But if you want POSIX threads and lightweight threads for the sake of it, then
there are several lightweight threads libraries for ocaml (LWT being the most
common one). POSIX threads you have to do from C though.

------
ubertaco
As excited as I was to see a big new thing in OCaml-land, I have to say my
excitement died down as I read on.

I don't really see most of the changes as improvements.

Having a different, explicitly-noticeable syntax for mutable updates is nice,
because it calls out mutability (which should be used sparingly).

I don't see extra braces as necessarily an improvement, given that OCaml's
local scopes are already quite unambiguous thanks to "let ... in". On that
note, Removing "in" and just going with semicolons removes another "smelly-
code-callout" by making it less obvious what's imperative and what's
functional.

I actually _don 't_ like ambiguity between type annotation and value
assignment in my records. It's clear in current OCaml that {a: int} is a type
declaration and {a = 1} is a value declaration/assignment. Moving to colons-
for-record-values is at best a bikesheddy, backwards-incompatible change for
change's sake, and at worst a breaking-change way of code less clear.

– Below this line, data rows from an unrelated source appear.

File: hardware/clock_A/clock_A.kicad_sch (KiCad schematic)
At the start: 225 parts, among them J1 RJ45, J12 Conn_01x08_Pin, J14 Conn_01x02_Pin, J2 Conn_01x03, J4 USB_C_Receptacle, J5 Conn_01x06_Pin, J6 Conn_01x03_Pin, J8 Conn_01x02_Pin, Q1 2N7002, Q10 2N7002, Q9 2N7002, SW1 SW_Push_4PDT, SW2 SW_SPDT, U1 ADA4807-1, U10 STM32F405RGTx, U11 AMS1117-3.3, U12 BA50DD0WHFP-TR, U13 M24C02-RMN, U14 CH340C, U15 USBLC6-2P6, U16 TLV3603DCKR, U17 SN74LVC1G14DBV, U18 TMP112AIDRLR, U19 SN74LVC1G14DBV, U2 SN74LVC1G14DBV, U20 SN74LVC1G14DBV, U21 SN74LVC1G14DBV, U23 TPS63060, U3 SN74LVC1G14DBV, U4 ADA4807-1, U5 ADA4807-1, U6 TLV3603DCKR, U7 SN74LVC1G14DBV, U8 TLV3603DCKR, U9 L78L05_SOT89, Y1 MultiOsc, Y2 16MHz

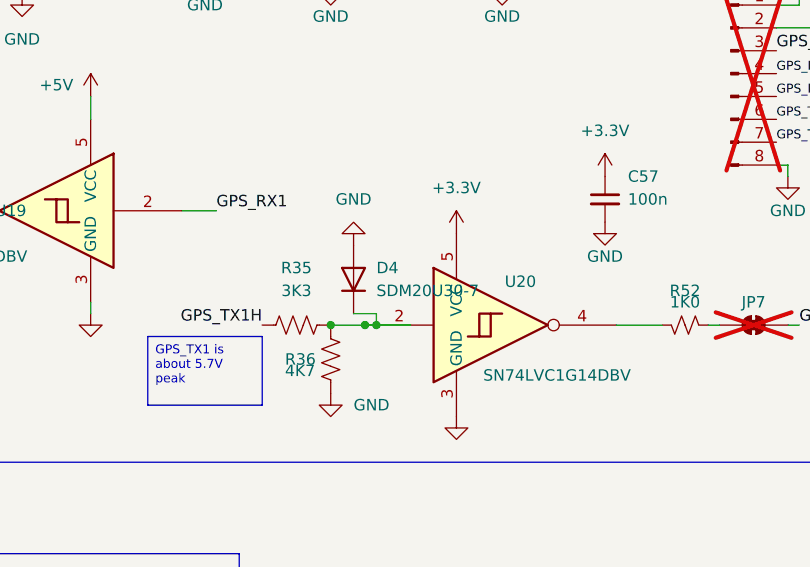
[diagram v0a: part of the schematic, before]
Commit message: updade clock order with correct diode. Fixes #339
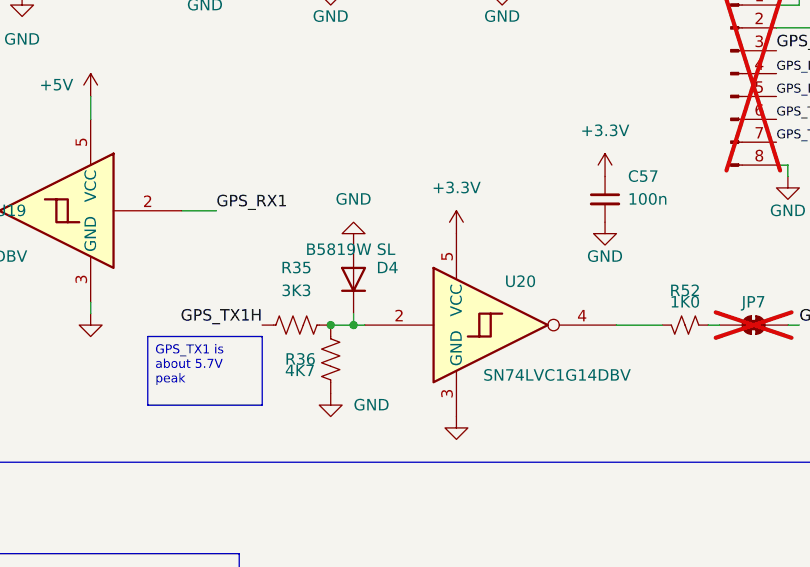
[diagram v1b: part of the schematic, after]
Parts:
- D4: value SDM20U30-7 -> B5819W SL; JLCPCB Part # C91235 -> C8598
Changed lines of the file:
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@@
 	)
 	(junction
-		(at 87.63 300.99)
-		(diameter 0)
-		(color 0 0 0 0)
-	)
-	(junction
 		(at 266.7 278.13)
 		(diameter 0)
@@
 	)
 	(junction
-		(at 83.82 300.99)
-		(diameter 0)
-		(color 0 0 0 0)
-	)
-	(junction
 		(at 123.19 115.57)
 		(diameter 0)
@@
 	)
 	(junction
+		(at 83.82 300.99)
+		(diameter 0)
+		(color 0 0 0 0)
+	)
+	(junction
 		(at 452.12 251.46)
 		(diameter 0)
@@
 	)
 	(junction
+		(at 86.36 300.99)
+		(diameter 0)
+		(color 0 0 0 0)
+	)
+	(junction
 		(at 49.53 72.39)
 		(diameter 0)
@@
 	)
 	(junction
-		(at 88.9 300.99)
-		(diameter 0)
-		(color 0 0 0 0)
-	)
-	(junction
 		(at 373.38 132.08)
 		(diameter 0)
@@
 	(wire
 		(pts
+			(xy 86.36 300.99) (xy 87.63 300.99)
+		)
+		(stroke
+			(width 0)
+			(type default)
+		)
+	)
+	(wire
+		(pts
 			(xy 78.74 80.01) (xy 78.74 81.28)
 		)
@@
 	(wire
 		(pts
-			(xy 83.82 300.99) (xy 87.63 300.99)
-		)
-		(stroke
-			(width 0)
-			(type default)
-		)
-	)
-	(wire
-		(pts
 			(xy 115.57 300.99) (xy 120.65 300.99)
 		)
@@
 	(wire
 		(pts
-			(xy 88.9 300.99) (xy 92.71 300.99)
-		)
-		(stroke
-			(width 0)
-			(type default)
-		)
-	)
-	(wire
-		(pts
 			(xy 298.45 181.61) (xy 298.45 184.15)
 		)
@@
 	(wire
 		(pts
-			(xy 87.63 300.99) (xy 88.9 300.99)
-		)
-		(stroke
-			(width 0)
-			(type default)
-		)
-	)
-	(wire
-		(pts
 			(xy 142.24 49.53) (xy 142.24 53.34)
 		)
@@
 	(wire
 		(pts
-			(xy 88.9 299.72) (xy 88.9 300.99)
-		)
-		(stroke
-			(width 0)
-			(type default)
-		)
-	)
-	(wire
-		(pts
 			(xy 387.35 52.07) (xy 387.35 44.45)
 		)
@@
 	(wire
 		(pts
-			(xy 86.36 299.72) (xy 88.9 299.72)
-		)
-		(stroke
-			(width 0)
-			(type default)
-		)
-	)
-	(wire
-		(pts
 			(xy 52.07 77.47) (xy 52.07 80.01)
 		)
@@
 	(wire
 		(pts
+			(xy 86.36 299.72) (xy 86.36 300.99)
+		)
+		(stroke
+			(width 0)
+			(type default)
+		)
+	)
+	(wire
+		(pts
 			(xy 100.33 125.73) (xy 107.95 125.73)
 		)
@@
 	(wire
 		(pts
+			(xy 83.82 300.99) (xy 86.36 300.99)
+		)
+		(stroke
+			(width 0)
+			(type default)
+		)
+	)
+	(wire
+		(pts
 			(xy 373.38 138.43) (xy 373.38 139.7)
 		)
@@
 		(on_board yes)
 		(dnp no)
-		(fields_autoplaced yes)
 		(property "Reference" "D4"
 			(at 88.9 294.64 90)
@@
 			)
 		)
-		(property "Value" "SDM20U30-7"
-			(at 88.9 297.18 90)
+		(property "Value" "B5819W SL"
+			(at 81.026 292.608 90)
 			(effects
 				(font
@@
 			)
 		)
-		(property "Datasheet" "https://www.vishay.com/docs/85748/1n4148w.pdf"
+		(property "Datasheet" ""
 			(at 86.36 295.91 0)
 			(effects
@@
 			)
 		)
-		(property "Description" "75V 0.15A Fast Switching Diode, SOD-123"
+		(property "Description" "40V 600mV@1A 1A SOD-123 Schottky Barrier Diodes"
 			(at 86.36 295.91 0)
 			(effects
@@
 			)
 		)
-		(property "JLCPCB Part #" "C91235"
+		(property "JLCPCB Part #" "C8598"
 			(at 86.36 295.91 0)
 			(effects

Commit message: update footprints
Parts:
- S1, S3: footprint SW_147873-2 -> blinky_footprints:SW_147873-2
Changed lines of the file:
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@@
 			)
 		)
-		(property "Footprint" "SW_147873-2"
+		(property "Footprint" "blinky_footprints:SW_147873-2"
 			(at 274.32 274.32 0)
 			(effects
@@
 			)
 		)
-		(property "Footprint" "SW_147873-2"
+		(property "Footprint" "blinky_footprints:SW_147873-2"
 			(at 280.67 303.53 0)
 			(effects

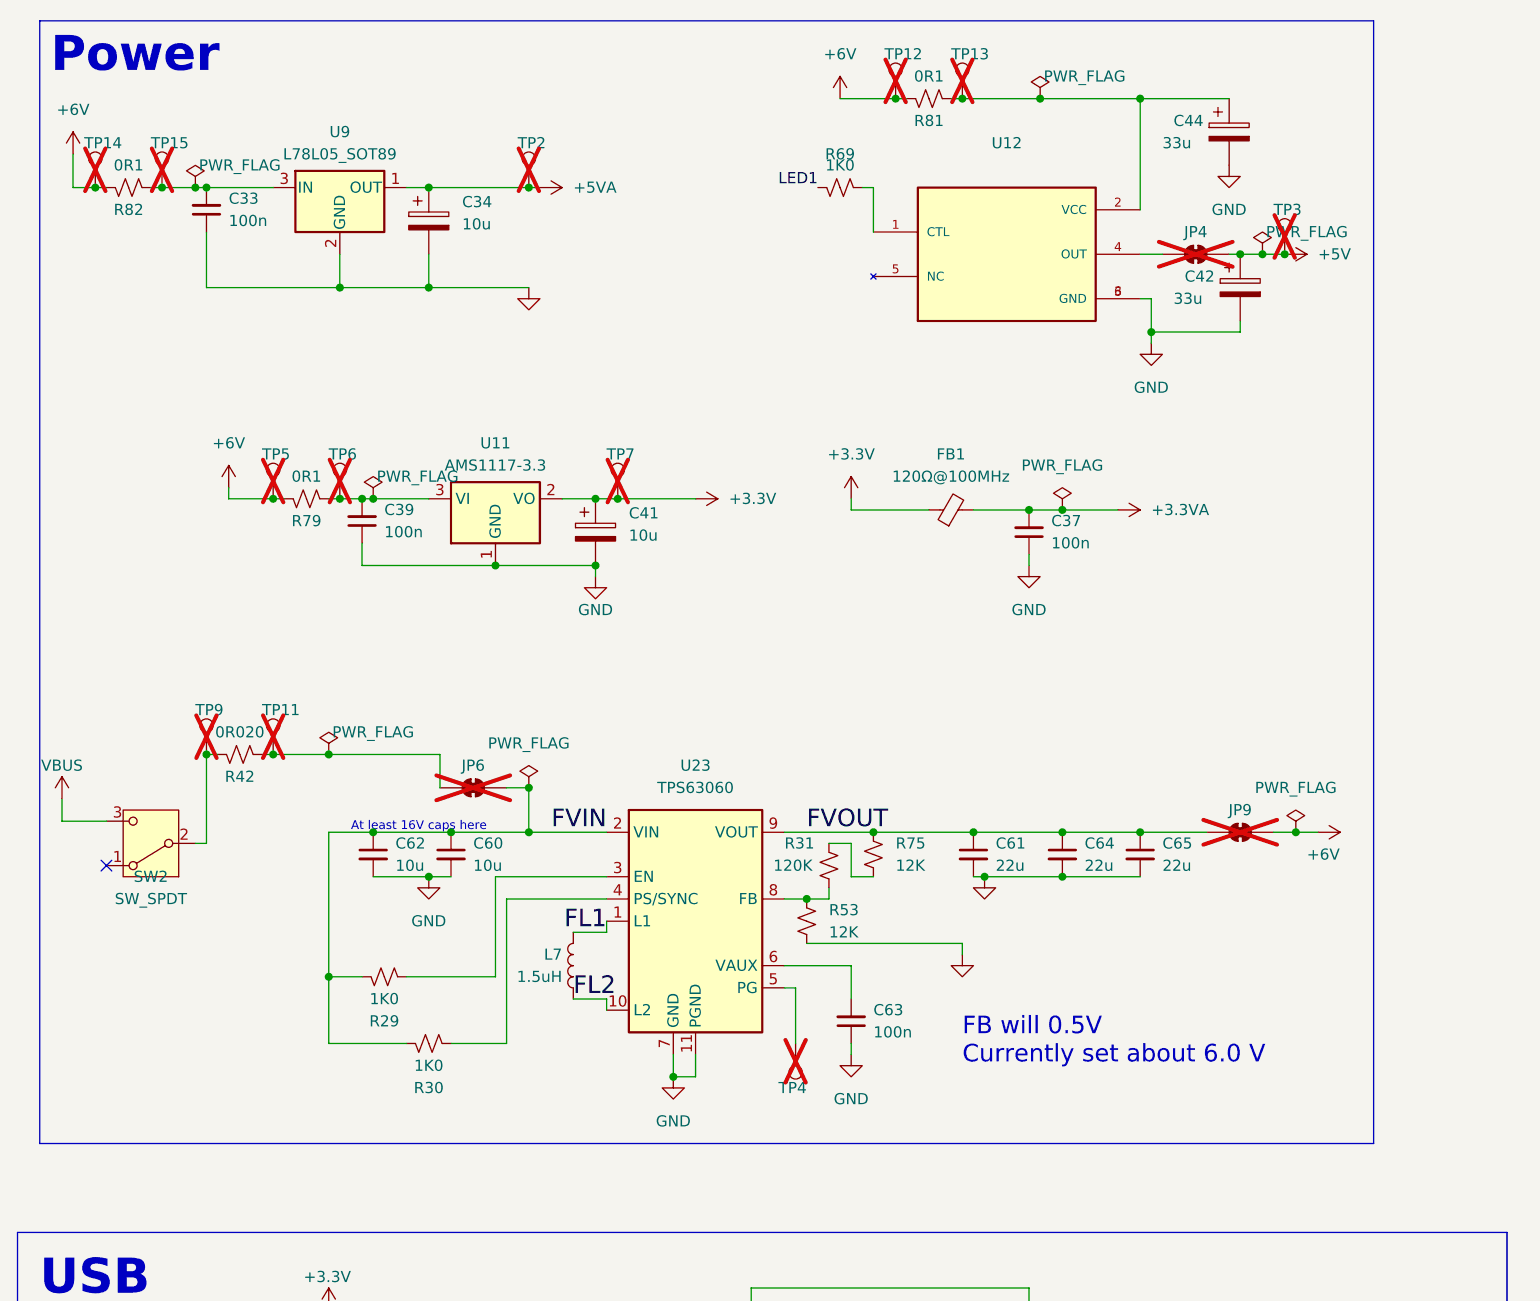
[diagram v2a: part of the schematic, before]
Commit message: remove tantium caps from clock board
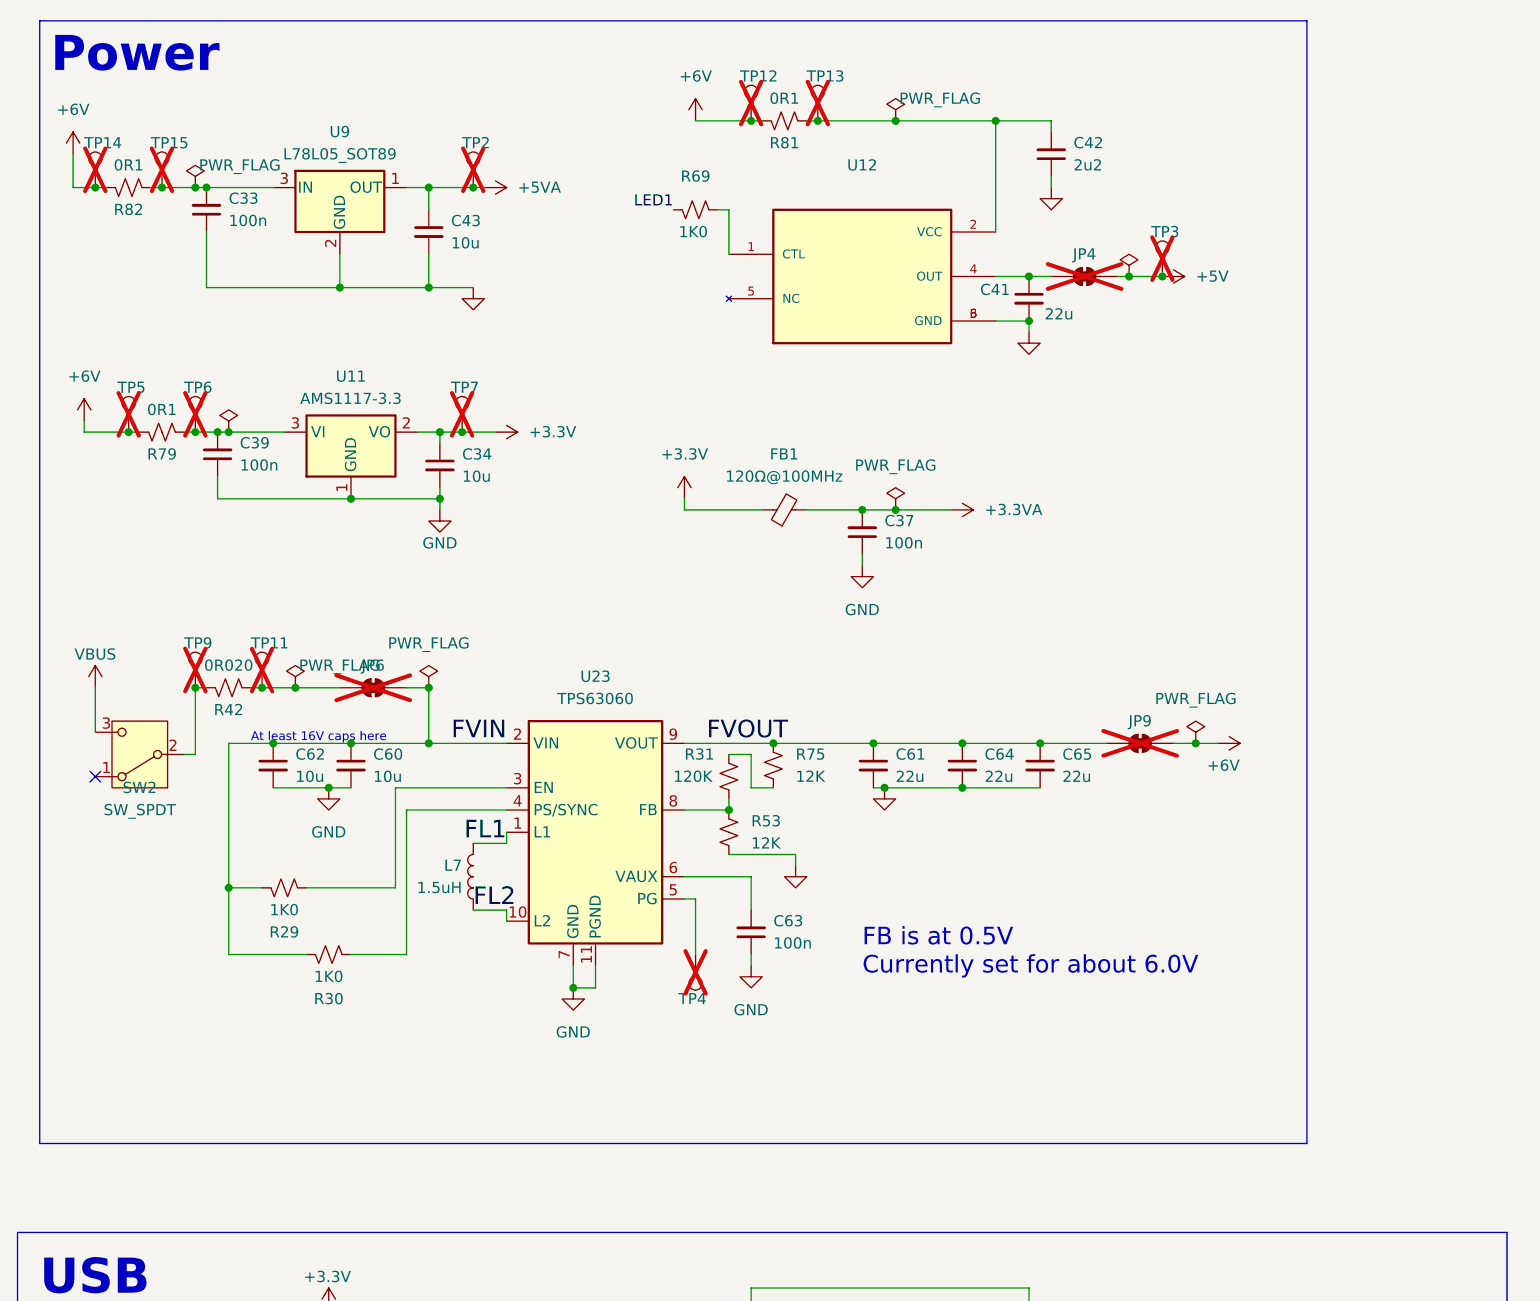
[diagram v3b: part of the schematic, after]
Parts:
- removed C34, C41: 10u, Capacitor_Tantalum_SMD:CP_EIA-3216-18_Kemet-A, symbol Device:C_Polarized
- removed C42, C44: 33u, Capacitor_Tantalum_SMD:CP_EIA-3528-21_Kemet-B, symbol Device:C_Polarized
- added C34, C43: 10u, Capacitor_SMD:C_0603_1608Metric, symbol Device:C_Small
- added C41: 22u, Capacitor_SMD:C_0805_2012Metric, symbol Device:C_Small
- added C42: 2u2, Capacitor_SMD:C_0603_1608Metric, symbol Device:C_Small
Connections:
- net +3.3V: now also C34.1
- net +5VA: now also C43.1
- net GND: now also C34.2, C41.2, C42.1, C43.2
- net at JP4.1 (A), U12.4 (OUT): now also C41.1
- net at R81.1, TP13.1, U12.2 (VCC): now also C42.2
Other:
- note added: "FB is at 0.5V Currently set for about 6.0V"
- note removed: "FB will 0.5V Currently set about 6.0 V"
- moved on the sheet: C37, C39, C60, C61, C62, C63, C64, C65, FB1, JP4, JP6, JP9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

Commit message: update rotation and offsets on clock and gps
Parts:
- D5: JLCPCB Position Offset 0,-0.75 -> 0,0.7
- J2: JLCPCB Position Offset 0,0.0 -> (none); JLCPCB Rotation Offset 180 -> (none)
- J4: JLCPCB Position Offset 0,1.1 -> 0,1.5
- J? (x6): JLCPCB Position Offset (none) -> 0,-13.0
- SW1: JLCPCB Position Offset -1.35,-6.38 -> 0,-6.7
- SW2: JLCPCB Position Offset 3.9,-1.2 -> 0.1,4.1
- TP1, TP10, TP4, TP7, TP8: footprint TestPoint:TestPoint_THTPad_D1.5mm_Drill0.7mm -> TestPoint:TestPoint_THTPad_D1.0mm_Drill0.5mm
- U10, U14: JLCPCB Rotation Offset 270 -> (none)
- U11: JLCPCB Rotation Offset 180 -> (none)
- U16: footprint blinky_footprints:SC70_DCK_TEX -> Package_TO_SOT_SMD:SOT-363_SC-70-6
- U17, U19, U2, U20, U21, U3, U7: JLCPCB Rotation Offset 0 -> (none)
- U18: JLCPCB Rotation Offset 270 -> 180
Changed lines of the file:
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@@
 			)
 		)
+		(property "JLCPCB Position Offset" "0,-13.0"
+			(at 365.76 132.08 0)
+			(effects
+				(font
+					(size 1.27 1.27)
+				)
+				(hide yes)
+			)
+		)
 		(pin "1"
 		)
@@
 			)
 		)
+		(property "JLCPCB Position Offset" "0,-13.0"
+			(at 483.87 214.63 0)
+			(effects
+				(font
+					(size 1.27 1.27)
+				)
+				(hide yes)
+			)
+		)
 		(pin "1"
 		)
@@
 			)
 		)
-		(property "Footprint" "TestPoint:TestPoint_THTPad_D1.5mm_Drill0.7mm"
+		(property "Footprint" "TestPoint:TestPoint_THTPad_D1.0mm_Drill0.5mm"
 			(at 222.25 278.13 0)
 			(effects
@@
 			)
 		)
-		(property "JLCPCB Rotation Offset" "0"
+		(property "JLCPCB Rotation Offset" ""
 			(at 52.07 288.29 0)
 			(effects
@@
 			)
 		)
-		(property "Footprint" "TestPoint:TestPoint_THTPad_D1.5mm_Drill0.7mm"
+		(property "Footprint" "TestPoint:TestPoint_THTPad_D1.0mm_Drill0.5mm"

Speaking of making code less clear, how is "int list list" not clear? It's an
int-list list. As in, a list of int-lists. So of course it should parse as
"(int list) list". Why change to backwards annotations? Just to prevent
existing code from working as-is, and making people used to reading ML spend
extra brain cycles on remembering that your types read the opposite way?

And they make a _huge_ deal out of their type for tuples being "(a, b)"
instead of "(a * b)". Yeah, okay, I get it. It's not _that_ big a deal, since
people are used to reading product types as, well, products.

The other thing that seems weird to me is the need to change to a "fat arrow"
instead of a "skinny arrow", again for no real reason. In fact, it just makes
it more likely that you'll confuse it with a comparison operator. Nobody tries
to type ">-", but people try to type ">=" all the time. You're just switching
for the sake of switching, and it's not an improvement.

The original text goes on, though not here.